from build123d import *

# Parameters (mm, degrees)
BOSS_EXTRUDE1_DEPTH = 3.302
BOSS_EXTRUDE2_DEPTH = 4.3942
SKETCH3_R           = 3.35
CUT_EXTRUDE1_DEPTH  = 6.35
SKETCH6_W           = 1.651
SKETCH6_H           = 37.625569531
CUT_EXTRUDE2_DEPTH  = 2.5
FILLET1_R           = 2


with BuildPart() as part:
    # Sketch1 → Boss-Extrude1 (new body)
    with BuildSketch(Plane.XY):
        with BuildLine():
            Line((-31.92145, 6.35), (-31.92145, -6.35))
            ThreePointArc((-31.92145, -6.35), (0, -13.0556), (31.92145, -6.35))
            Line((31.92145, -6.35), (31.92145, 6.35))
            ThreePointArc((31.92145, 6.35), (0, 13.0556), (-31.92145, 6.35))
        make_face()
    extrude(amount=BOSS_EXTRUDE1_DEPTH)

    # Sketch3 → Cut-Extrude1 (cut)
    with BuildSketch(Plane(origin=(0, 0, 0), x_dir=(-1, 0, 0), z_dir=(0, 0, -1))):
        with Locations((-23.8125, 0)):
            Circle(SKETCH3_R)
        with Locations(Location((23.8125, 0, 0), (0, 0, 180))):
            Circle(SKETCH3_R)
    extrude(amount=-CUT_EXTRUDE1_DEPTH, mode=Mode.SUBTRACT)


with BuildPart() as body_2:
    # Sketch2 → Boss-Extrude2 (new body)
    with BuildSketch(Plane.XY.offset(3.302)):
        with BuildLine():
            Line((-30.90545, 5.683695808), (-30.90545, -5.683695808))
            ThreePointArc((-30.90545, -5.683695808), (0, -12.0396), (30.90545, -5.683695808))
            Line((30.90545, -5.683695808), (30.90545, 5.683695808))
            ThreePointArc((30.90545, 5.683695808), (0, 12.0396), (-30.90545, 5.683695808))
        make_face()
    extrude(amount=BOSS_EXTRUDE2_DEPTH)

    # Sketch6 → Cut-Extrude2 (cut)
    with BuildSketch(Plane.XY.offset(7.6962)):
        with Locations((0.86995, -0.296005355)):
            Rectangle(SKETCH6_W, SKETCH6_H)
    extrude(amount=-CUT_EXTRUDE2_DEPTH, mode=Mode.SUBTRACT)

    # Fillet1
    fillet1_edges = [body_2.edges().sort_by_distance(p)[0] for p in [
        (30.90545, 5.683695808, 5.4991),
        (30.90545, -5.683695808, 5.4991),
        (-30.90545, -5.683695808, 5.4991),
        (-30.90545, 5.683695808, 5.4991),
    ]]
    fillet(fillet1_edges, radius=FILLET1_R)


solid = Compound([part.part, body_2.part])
______________________________
* **Task details**
From the line containing "# Sketch6 → Cut-Extrude2 (cut)" down to the last line of the material, each line is to be retyped exactly; no other lines belong in the answer.

* **Response**
    # Sketch6 → Cut-Extrude2 (cut)
    with BuildSketch(Plane.XY.offset(7.6962)):
        with Locations((0.86995, -0.296005355)):
            Rectangle(SKETCH6_W, SKETCH6_H)
    extrude(amount=-CUT_EXTRUDE2_DEPTH, mode=Mode.SUBTRACT)

    # Fillet1
    fillet1_edges = [body_2.edges().sort_by_distance(p)[0] for p in [
        (30.90545, 5.683695808, 5.4991),
        (30.90545, -5.683695808, 5.4991),
        (-30.90545, -5.683695808, 5.4991),
        (-30.90545, 5.683695808, 5.4991),
    ]]
    fillet(fillet1_edges, radius=FILLET1_R)


solid = Compound([part.part, body_2.part])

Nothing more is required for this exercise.